(Saved entries)
- Opening Delimiter -

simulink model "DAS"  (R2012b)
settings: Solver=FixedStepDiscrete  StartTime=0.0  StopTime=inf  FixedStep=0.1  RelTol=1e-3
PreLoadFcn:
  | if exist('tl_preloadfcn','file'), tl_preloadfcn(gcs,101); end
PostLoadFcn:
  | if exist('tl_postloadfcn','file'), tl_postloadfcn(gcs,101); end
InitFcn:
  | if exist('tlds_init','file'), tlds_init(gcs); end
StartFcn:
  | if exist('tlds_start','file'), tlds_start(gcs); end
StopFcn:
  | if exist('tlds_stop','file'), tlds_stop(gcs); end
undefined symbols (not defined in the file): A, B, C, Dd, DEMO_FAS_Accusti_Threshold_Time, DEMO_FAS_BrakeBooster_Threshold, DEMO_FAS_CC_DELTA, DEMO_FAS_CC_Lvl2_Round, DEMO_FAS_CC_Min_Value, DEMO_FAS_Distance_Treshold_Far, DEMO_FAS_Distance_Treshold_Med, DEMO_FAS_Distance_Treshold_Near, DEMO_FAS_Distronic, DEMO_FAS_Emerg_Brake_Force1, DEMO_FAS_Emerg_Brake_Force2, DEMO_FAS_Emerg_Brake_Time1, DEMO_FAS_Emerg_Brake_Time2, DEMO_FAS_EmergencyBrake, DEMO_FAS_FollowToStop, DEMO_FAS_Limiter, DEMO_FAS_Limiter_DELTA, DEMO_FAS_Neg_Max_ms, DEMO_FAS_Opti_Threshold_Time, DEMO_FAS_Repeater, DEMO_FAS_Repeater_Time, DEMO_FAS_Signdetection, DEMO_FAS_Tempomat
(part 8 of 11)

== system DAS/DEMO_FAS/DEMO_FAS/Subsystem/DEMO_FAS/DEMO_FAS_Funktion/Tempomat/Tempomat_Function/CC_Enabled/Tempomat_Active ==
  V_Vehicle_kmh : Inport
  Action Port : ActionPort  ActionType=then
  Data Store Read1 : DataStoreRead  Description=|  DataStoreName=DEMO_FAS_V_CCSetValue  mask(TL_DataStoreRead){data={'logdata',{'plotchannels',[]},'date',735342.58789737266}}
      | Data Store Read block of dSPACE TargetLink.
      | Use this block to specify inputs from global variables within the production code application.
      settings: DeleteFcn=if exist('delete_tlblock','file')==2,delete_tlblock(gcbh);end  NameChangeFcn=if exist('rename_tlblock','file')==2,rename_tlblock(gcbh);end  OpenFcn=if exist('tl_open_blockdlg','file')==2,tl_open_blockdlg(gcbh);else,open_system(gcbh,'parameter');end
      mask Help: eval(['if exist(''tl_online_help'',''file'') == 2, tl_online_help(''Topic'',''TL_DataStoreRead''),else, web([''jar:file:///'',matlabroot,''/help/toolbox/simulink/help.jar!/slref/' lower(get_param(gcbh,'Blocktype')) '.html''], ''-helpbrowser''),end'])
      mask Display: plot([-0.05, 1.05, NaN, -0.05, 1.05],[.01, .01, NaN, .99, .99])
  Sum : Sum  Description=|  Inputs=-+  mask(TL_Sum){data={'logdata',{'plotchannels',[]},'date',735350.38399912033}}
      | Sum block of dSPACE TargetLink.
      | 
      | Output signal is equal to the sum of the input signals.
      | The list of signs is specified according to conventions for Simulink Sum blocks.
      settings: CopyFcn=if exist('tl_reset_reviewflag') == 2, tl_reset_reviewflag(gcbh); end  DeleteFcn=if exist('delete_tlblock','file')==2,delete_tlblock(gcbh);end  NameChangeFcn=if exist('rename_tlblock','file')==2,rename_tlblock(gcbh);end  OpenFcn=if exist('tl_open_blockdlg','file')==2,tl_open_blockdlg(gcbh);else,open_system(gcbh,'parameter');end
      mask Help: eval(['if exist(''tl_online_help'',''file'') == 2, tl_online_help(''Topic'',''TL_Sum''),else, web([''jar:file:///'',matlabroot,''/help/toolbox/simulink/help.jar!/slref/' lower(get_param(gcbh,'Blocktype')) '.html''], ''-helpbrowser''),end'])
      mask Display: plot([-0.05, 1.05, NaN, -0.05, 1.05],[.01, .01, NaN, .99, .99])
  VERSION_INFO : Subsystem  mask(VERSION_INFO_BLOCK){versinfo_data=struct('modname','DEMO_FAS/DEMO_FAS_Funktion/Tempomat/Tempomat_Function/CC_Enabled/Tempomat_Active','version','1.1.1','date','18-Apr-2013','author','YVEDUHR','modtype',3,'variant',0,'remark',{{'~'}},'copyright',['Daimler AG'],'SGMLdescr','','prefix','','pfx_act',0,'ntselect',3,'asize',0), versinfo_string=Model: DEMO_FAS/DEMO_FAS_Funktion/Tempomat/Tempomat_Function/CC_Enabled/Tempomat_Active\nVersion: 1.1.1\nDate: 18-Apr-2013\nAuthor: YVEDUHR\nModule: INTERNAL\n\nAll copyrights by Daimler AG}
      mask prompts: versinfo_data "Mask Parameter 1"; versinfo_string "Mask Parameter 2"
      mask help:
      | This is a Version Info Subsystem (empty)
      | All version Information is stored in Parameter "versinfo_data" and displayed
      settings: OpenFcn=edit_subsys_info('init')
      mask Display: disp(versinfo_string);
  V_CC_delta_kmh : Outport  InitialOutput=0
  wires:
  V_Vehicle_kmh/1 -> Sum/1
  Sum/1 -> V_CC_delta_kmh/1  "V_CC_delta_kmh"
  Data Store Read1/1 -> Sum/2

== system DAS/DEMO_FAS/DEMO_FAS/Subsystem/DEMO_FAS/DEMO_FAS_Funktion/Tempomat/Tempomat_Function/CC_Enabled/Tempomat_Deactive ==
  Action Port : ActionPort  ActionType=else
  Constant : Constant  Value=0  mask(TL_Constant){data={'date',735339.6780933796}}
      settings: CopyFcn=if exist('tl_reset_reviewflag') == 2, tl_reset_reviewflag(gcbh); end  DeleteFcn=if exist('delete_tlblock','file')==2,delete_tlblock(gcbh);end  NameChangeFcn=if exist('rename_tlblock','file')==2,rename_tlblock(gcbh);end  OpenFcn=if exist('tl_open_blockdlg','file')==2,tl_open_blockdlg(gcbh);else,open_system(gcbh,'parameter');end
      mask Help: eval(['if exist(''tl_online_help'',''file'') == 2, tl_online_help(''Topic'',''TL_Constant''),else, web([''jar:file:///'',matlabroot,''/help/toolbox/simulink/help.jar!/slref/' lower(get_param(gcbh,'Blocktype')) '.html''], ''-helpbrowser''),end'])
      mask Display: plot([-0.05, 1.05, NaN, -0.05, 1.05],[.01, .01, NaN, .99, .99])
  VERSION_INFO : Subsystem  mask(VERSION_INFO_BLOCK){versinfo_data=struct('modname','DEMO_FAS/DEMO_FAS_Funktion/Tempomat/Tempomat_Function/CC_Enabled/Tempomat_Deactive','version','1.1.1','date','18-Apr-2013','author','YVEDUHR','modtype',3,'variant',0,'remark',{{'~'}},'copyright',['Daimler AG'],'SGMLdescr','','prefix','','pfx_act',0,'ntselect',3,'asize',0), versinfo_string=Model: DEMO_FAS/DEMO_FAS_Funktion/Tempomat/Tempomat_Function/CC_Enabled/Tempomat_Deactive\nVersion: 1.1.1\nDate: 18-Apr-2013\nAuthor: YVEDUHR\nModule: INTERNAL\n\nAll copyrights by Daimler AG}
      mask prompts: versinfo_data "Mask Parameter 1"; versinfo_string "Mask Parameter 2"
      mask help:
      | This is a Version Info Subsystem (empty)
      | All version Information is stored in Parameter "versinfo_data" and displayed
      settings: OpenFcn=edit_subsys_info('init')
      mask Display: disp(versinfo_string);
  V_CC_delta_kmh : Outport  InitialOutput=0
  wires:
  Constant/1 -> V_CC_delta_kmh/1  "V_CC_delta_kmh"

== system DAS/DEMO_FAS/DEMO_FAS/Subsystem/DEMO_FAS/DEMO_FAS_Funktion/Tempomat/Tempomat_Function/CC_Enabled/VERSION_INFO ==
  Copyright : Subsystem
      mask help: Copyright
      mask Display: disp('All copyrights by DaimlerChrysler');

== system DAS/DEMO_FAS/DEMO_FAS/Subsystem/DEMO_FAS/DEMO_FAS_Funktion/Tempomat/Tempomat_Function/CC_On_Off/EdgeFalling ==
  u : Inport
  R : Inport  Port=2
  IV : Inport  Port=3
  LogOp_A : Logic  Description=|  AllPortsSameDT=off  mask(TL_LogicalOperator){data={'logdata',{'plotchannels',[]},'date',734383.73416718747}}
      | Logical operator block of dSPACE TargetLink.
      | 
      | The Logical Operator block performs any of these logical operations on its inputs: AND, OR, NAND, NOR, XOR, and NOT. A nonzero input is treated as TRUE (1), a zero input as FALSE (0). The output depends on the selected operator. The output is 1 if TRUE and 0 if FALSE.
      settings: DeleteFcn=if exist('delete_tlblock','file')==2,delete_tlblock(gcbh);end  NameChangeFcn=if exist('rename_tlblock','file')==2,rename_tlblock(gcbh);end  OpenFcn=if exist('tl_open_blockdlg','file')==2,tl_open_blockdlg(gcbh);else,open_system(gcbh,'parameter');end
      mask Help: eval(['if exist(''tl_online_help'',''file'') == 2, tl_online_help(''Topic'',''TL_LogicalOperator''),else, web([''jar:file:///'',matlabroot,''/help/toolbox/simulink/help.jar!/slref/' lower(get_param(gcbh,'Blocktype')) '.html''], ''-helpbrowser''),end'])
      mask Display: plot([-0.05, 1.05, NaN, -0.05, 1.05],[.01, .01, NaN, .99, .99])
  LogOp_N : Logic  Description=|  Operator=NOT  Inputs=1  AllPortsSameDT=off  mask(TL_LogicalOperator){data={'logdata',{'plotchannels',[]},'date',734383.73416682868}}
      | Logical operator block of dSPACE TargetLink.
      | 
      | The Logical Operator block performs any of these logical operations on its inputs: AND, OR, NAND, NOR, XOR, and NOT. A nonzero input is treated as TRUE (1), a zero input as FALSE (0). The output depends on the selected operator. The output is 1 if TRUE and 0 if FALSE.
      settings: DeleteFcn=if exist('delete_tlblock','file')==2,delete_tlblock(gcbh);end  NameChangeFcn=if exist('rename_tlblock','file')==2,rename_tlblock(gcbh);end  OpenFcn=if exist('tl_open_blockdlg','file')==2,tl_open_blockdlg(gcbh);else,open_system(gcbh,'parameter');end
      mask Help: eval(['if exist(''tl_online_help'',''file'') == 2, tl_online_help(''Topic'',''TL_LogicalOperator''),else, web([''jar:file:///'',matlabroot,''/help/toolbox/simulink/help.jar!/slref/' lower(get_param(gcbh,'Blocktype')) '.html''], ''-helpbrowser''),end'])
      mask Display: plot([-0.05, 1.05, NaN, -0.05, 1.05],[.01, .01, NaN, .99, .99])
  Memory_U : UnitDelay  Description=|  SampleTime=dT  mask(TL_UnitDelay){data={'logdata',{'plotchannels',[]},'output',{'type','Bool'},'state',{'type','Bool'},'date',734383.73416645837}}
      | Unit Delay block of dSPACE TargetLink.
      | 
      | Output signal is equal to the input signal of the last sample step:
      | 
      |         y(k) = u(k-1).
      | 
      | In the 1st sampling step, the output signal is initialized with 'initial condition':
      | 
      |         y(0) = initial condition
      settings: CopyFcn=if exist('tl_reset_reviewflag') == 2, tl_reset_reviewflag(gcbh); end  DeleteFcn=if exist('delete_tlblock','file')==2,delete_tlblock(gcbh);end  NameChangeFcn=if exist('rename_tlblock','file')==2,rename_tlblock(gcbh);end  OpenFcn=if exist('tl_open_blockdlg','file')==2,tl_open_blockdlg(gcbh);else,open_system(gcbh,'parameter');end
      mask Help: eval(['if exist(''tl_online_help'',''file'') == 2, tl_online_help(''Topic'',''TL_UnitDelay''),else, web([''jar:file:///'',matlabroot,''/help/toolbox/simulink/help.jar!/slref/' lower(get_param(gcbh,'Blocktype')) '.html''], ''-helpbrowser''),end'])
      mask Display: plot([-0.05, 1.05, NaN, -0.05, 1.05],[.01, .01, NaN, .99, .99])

- Closing Delimiter -

## Exercise
What is asked for is an exact copy of the lines above from the one containing "Sum block of dSPACE TargetLink." through the one containing "Simulink Sum blocks.", and only those.

## Exercise solution
      | Sum block of dSPACE TargetLink.
      | 
      | Output signal is equal to the sum of the input signals.
      | The list of signs is specified according to conventions for Simulink Sum blocks.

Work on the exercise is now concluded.